Debt Crisis Update 2020
By Alex Saitta
June 18, 2020
Introduction:
Back in 2005 I wrote a piece called, “The Path To Economic Crisis”. I thought it was a critical time then and in fact a crisis was only 3 years away. A financial and economic crisis hit in late 2008 when stocks halved, banks were failing and the Great Recession hit.
I looked at the government response and in 2009 came to the conclusion a collapse was not likely anytime soon. The government demonstrated it was going to take any measure it had to in order to avoid a collapse. From TARP, to chronic deficit spending, to printing oodles of money, they were successful in avoiding a collapse.
We got a recovery/ expansion but due to the building structural problems (debt, declining work ethic, regulation, and printing of money) I predicted we’d slide economically for up to 20 years, and then the world economy or financial system would collapse in some way, shape or form. GDP growth in the 2010's was sub-par, about 2 percent. Growth in the 2010's was about 2.2 percent. If it was not for the final deficit spending boost in GDP in 2017, 2018 and 2019, growth for the decade would have been the lowest since the Great Depression. The slide is contining even as the government tries to prop everything up. I do think the slide is accelerating in the early 2020's.
Update:
Things have decayed so fast the past few months I need to update the outlook. Mainly, the decay is reflected in the government’s response. In 2008-09, the government responded with hundreds of billions in money printing and fiscal spending/ bailouts. Today, the response has been in the trillions, indicating how bad the economic and financial cratering has been. The Fed printed about $3 billion in three months. The US Treasury's annual deficit is running close to $4 trillion as we are heading to $30 trillion in federal debt outstanding.
Marathon Runner:
The primary problem with the economy and financial system is piles of debt, in both the public and private sectors. When income, wealth or equity is spent on interest payments, it cannot be consumed or invested. This slows economic and income growth. Less income growth, and it is harder and harder to service the debt. Everything from investment to consumption to saving bogs down.

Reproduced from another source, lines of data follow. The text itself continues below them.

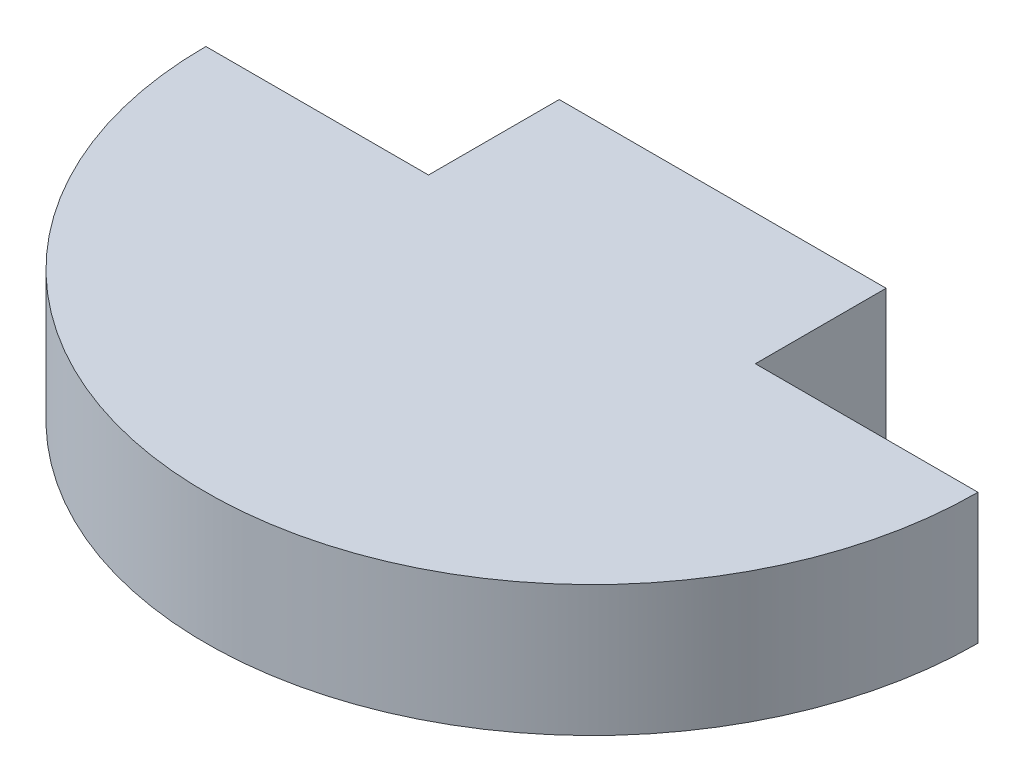
SolidWorks part; units mm, degrees
ref_plane "Front Plane" through (0, 0, 0) normal (0, 0, 1) x (1, 0, 0)
ref_plane "Top Plane" through (0, 0, 0) normal (0, 1, 0) x (1, 0, 0)
ref_plane "Right Plane" through (0, 0, 0) normal (1, 0, 0) x (0, 0, -1)
sketch "Sketch1" plane through (0, 0, 0) normal (0, 1, 0) x (1, 0, 0)
  circle A0 centre (0, 0) radius 15
  dimension "D1" = 30
extrude "Boss-Extrude1" add sketch "Sketch1" along normal blind 5.08 contours A0
sketch "Sketch2" plane through (0, 5.08, 0) normal (0, 1, 0) x (1, 0, 0)
  line L1 (15, 0) -> (-826.2161, 0)
  line L2 (15, 0) -> (15, 769.2498)
  line L3 (15, 769.2498) -> (-826.2161, 769.2498)
  line L4 (-826.2161, 0) -> (-826.2161, 769.2498)
  circle A0 centre (0, 0) radius 15 construction
extrude "Cut-Extrude1" cut sketch "Sketch2" against normal blind 5.08
sketch "Sketch3" plane through (0, 0, 0) normal (0, 0, -1) x (-1, 0, 0)
  line L0 (-15, 0) -> (-6.35, 0)
  line L1 (15, 0) -> (-15, 0) construction
  line L2 (-6.35, 0) -> (6.35, 0)
  line L3 (6.35, 0) -> (15, 0)
  line L4 (15, 5.08) -> (-15, 5.08) construction
  line L5 (-6.35, 0) -> (6.35, 0)
  line L6 (-6.35, 0) -> (-6.35, 5.08)
  line L7 (-6.35, 5.08) -> (6.35, 5.08)
  line L8 (6.35, 0) -> (6.35, 5.08)
  line M4 (15, 5.08) -> (-15, 5.08)
  line M6 (-15, 0) -> (15, 0)
  dimension "D1" = 12.7
extrude "Boss-Extrude2" add sketch "Sketch3" along normal blind 5.08 contours L8 L6 M6 M4
equation "\"MDFThickness\"= .2in"
equation "\"D1@Boss-Extrude1\"=\"MDFThickness\""
equation "\"D1@Boss-Extrude2\"=\"MDFThickness\""

Instead of addressing the problem by cutting spending and dealing with the defaults and write-offs, our policy leaders just print money and borrow and spend in an effort to keep the economy rolling. But with each passing iteration of the business cycle, more and more stimulus is required to keep the economy moving.
It is like the marathon runner who has run 2 or 3 marathons. Instead of letting him rest, when he slows down his handlers jump pump him up with more and more amphetamines until his heart just explodes. This is where we are heading folks.
This Decade:
I cannot see us escaping a major economic or financial crisis of some way, shape or form this decade. Covid-19 could be the start, especially if a second shoe drops (another crisis) or Covid-19 lingers and lingers, changing habits for a long term. All this debt starts to weigh on the economy and income growth. Things start to crater and the Fed prints oodles of money. The Fed is already bailing out the US Treasury buying record amounts of its debt. It has been buying mortgages from banks at a good clip. Now the Fed is buying corporate bonds, trying to bailout the weakest corporations that issued way too much debt. The CARES Act which is bailing out states with trillions for things like unemployment benefits or helping in the medical response. Heck the Treasury is even directly making payments to households. All this is an indication of how the economy is starting to crater in various sectors.
What could give way next? My hunch is it will be commercial mortgages or it could be the pension systems. The private and public pension systems will be paid, albeit with massive federal bailouts of printed money. That money will be spent, and it will result in much higher inflation. Gold and SC real estate are the best investments to keep pace with the devaluing currency that will unfold throughout the 2020’s.
The outlook is not good and continuing to decay.